%%

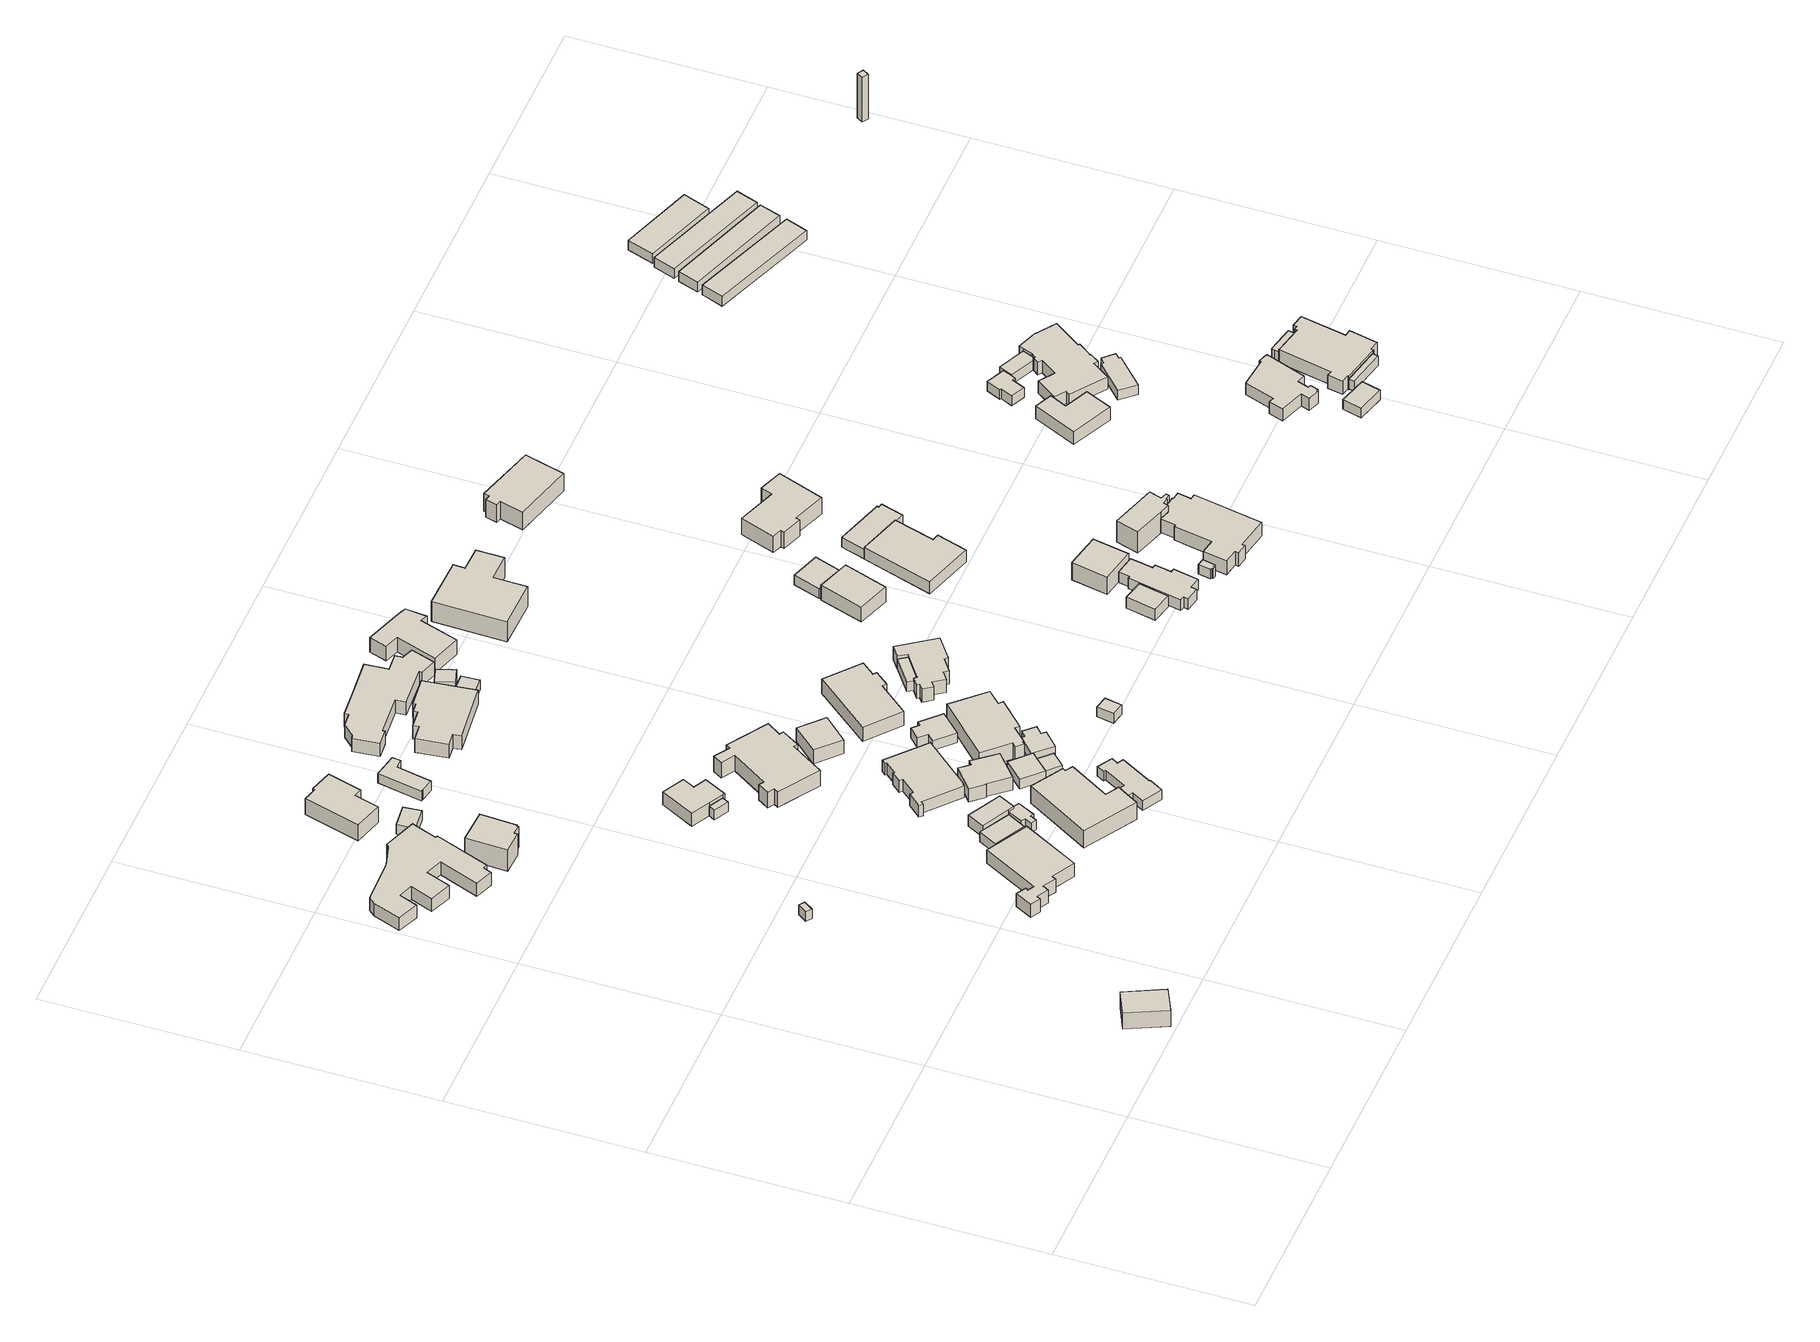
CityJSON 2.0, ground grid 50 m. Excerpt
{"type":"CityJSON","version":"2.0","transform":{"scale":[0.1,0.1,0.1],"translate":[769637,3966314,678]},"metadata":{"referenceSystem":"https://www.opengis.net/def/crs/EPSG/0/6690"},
"CityObjects":{
"building1":{"type":"Building","attributes":{"class":"3001","usage":"411","measuredHeight":6.1,"BuildingDetails.prefecture":"20","BuildingDetails.city":"20209","BuildingDetails.surveyYear":2018},"geometry":[{"type":"Solid","lod":"1","boundaries":[[[[0,1,2,3]],[[2,4,5,3]],[[1,6,4,2]],[[0,7,6,1]],[[3,5,7,0]],[[4,6,7,5]]]]}]},
"building2":{"type":"Building","attributes":{"class":"3001","usage":"451","measuredHeight":2.2,"BuildingDetails.prefecture":"20","BuildingDetails.city":"20209","BuildingDetails.surveyYear":2018},"geometry":[{"type":"Solid","lod":"1","boundaries":[[[[8,9,10,11]],[[10,12,13,11]],[[9,14,12,10]],[[8,15,14,9]],[[11,13,15,8]],[[12,14,15,13]]]]}]},
"building3":{"type":"Building","attributes":{"class":"3001","usage":"411","measuredHeight":6.4,"BuildingDetails.prefecture":"20","BuildingDetails.city":"20209","BuildingDetails.surveyYear":2018},"geometry":[{"type":"Solid","lod":"1","boundaries":[[[[16,17,18,19,20,21,22,23,24,25,26,27,28,29,30,31,32,33,34,35,36,37]],[[36,38,39,37]],[[35,40,38,36]],[[34,41,40,35]],[[33,42,41,34]],[[32,43,42,33]],[[31,44,43,32]],[[30,45,44,31]],[[29,46,45,30]],[[28,47,46,29]],[[27,48,47,28]],[[26,49,48,27]],[[25,50,49,26]],[[24,51,50,25]],[[23,52,51,24]],[[22,53,52,23]],[[21,54,53,22]],[[20,55,54,21]],[[19,56,55,20]],[[18,57,56,19]],[[17,58,57,18]],[[16,59,58,17]],[[37,39,59,16]],[[38,40,41,42,43,44,45,46,47,48,49,50,51,52,53,54,55,56,57,58,59,39]]]]}]},
"building4":{"type":"Building","attributes":{"class":"3001","usage":"411","measuredHeight":4.9,"BuildingDetails.prefecture":"20","BuildingDetails.city":"20209","BuildingDetails.surveyYear":2018},"geometry":[{"type":"Solid","lod":"1","boundaries":[[[[60,61,62,63,64,65,66,67,68,69,70,71,72,73]],[[72,74,75,73]],[[71,76,74,72]],[[70,77,76,71]],[[69,78,77,70]],[[68,79,78,69]],[[67,80,79,68]],[[66,81,80,67]],[[65,82,81,66]],[[64,83,82,65]],[[63,84,83,64]],[[62,85,84,63]],[[61,86,85,62]],[[60,87,86,61]],[[73,75,87,60]],[[74,76,77,78,79,80,81,82,83,84,85,86,87,75]]]]}]},
"building5":{"type":"Building","attributes":{"class":"3001","measuredHeight":7.7,"BuildingDetails.prefecture":"20","BuildingDetails.city":"20209","BuildingDetails.surveyYear":2018},"geometry":[{"type":"Solid","lod":"1","boundaries":[[[[88,89,90,91,92,93,94,95]],[[94,96,97,95]],[[93,98,96,94]],[[92,99,98,93]],[[91,100,99,92]],[[90,101,100,91]],[[89,102,101,90]],[[88,103,102,89]],[[95,97,103,88]],[[96,98,99,100,101,102,103,97]]]]}]},
"building6":{"type":"Building","attributes":{"class":"3001","usage":"411","measuredHeight":3.4,"BuildingDetails.prefecture":"20","BuildingDetails.city":"20209","BuildingDetails.surveyYear":2018},"geometry":[{"type":"Solid","lod":"1","boundaries":[[[[104,105,106,107,108,109]],[[108,110,111,109]],[[107,112,110,108]],[[106,113,112,107]],[[105,114,113,106]],[[104,115,114,105]],[[109,111,115,104]],[[110,112,113,114,115,111]]]]}]},
"building7":{"type":"Building","attributes":{"class":"3001","usage":"411","measuredHeight":6.9,"BuildingDetails.prefecture":"20","BuildingDetails.city":"20209","BuildingDetails.surveyYear":2018},"geometry":[{"type":"Solid","lod":"1","boundaries":[[[[116,117,118,119,120,121,122,123]],[[122,124,125,123]],[[121,126,124,122]],[[120,127,126,121]],[[119,128,127,120]],[[118,129,128,119]],[[117,130,129,118]],[[116,131,130,117]],[[123,125,131,116]],[[124,126,127,128,129,130,131,125]]]]}]},
"building8":{"type":"Building","attributes":{"class":"3001","usage":"411","measuredHeight":2.9,"BuildingDetails.prefecture":"20","BuildingDetails.city":"20209","BuildingDetails.surveyYear":2018},"geometry":[{"type":"Solid","lod":"1","boundaries":[[[[132,133,134,135]],[[134,136,137,135]],[[133,138,136,134]],[[132,139,138,133]],[[135,137,139,132]],[[136,138,139,137]]]]}]},
"building9":{"type":"Building","attributes":{"class":"3003","usage":"411","measuredHeight":3.4,"BuildingDetails.prefecture":"20","BuildingDetails.city":"20209","BuildingDetails.surveyYear":2018},"geometry":[{"type":"Solid","lod":"1","boundaries":[[[[140,141,142,143]],[[142,144,145,143]],[[141,146,144,142]],[[140,147,146,141]],[[143,145,147,140]],[[144,146,147,145]]]]}]},
"building10":{"type":"Building","attributes":{"class":"3001","usage":"411","measuredHeight":3.6,"BuildingDetails.prefecture":"20","BuildingDetails.city":"20209","BuildingDetails.surveyYear":2018},"geometry":[{"type":"Solid","lod":"1","boundaries":[[[[148,149,150,151,152,153]],[[152,154,155,153]],[[151,156,154,152]],[[150,157,156,151]],[[149,158,157,150]],[[148,159,158,149]],[[153,155,159,148]],[[154,156,157,158,159,155]]]]}]},
"building11":{"type":"Building","attributes":{"class":"3001","usage":"411","measuredHeight":2.7,"BuildingDetails.prefecture":"20","BuildingDetails.city":"20209","BuildingDetails.surveyYear":2018},"geometry":[{"type":"Solid","lod":"1","boundaries":[[[[160,161,162,163,164,165,166,149,148,153]],[[148,167,168,153]],[[149,169,167,148]],[[166,170,169,149]],[[165,171,170,166]],[[164,172,171,165]],[[163,173,172,164]],[[162,174,173,163]],[[161,175,174,162]],[[160,176,175,161]],[[153,168,176,160]],[[167,169,170,171,172,173,174,175,176,168]]]]}]},
"building12":{"type":"Building","attributes":{"class":"3001","usage":"411","measuredHeight":5.3,"BuildingDetails.prefecture":"20","BuildingDetails.city":"20209","BuildingDetails.surveyYear":2018},"geometry":[{"type":"Solid","lod":"1","boundaries":[[[[177,143,142,178,179,180,181,182]],[[181,183,184,182]],[[180,185,183,181]],[[179,186,185,180]],[[178,187,186,179]],[[142,188,187,178]],[[143,189,188,142]],[[177,190,189,143]],[[182,184,190,177]],[[183,185,186,187,188,189,190,184]]]]}]},
"building13":{"type":"Building","attributes":{"class":"3001","usage":"411","measuredHeight":7.9,"BuildingDetails.prefecture":"20","BuildingDetails.city":"20209","BuildingDetails.surveyYear":2018},"geometry":[{"type":"Solid","lod":"1","boundaries":[[[[191,192,193,194,195,196,197,198]],[[197,199,200,198]],[[196,201,199,197]],[[195,202,201,196]],[[194,203,202,195]],[[193,204,203,194]],[[192,205,204,193]],[[191,206,205,192]],[[198,200,206,191]],[[199,201,202,203,204,205,206,200]]]]}]},
"building14":{"type":"Building","attributes":{"class":"3001","measuredHeight":2.8,"BuildingDetails.prefecture":"20","BuildingDetails.city":"20209","BuildingDetails.surveyYear":2018},"geometry":[{"type":"Solid","lod":"1","boundaries":[[[[207,208,209,210,211,212,213,214]],[[213,215,216,214]],[[212,217,215,213]],[[211,218,217,212]],[[210,219,218,211]],[[209,220,219,210]],[[208,221,220,209]],[[207,222,221,208]],[[214,216,222,207]],[[215,217,218,219,220,221,222,216]]]]}]},
"building15":{"type":"Building","attributes":{"class":"3001","usage":"411","measuredHeight":4.9,"BuildingDetails.prefecture":"20","BuildingDetails.city":"20209","BuildingDetails.surveyYear":2018},"geometry":[{"type":"Solid","lod":"1","boundaries":[[[[223,224,225,226,227,228,229,230,231,232,233,234,235,236,237,238]],[[237,239,240,238]],[[236,241,239,237]],[[235,242,241,236]],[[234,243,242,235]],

%%

**Exercise objective**
Filter the listing above so that only lines holding the word "CityJSON" remain, and report those lines.

**Finished exercise**
CityJSON 2.0, ground grid 50 m. Excerpt
{"type":"CityJSON","version":"2.0","transform":{"scale":[0.1,0.1,0.1],"translate":[769637,3966314,678]},"metadata":{"referenceSystem":"https://www.opengis.net/def/crs/EPSG/0/6690"},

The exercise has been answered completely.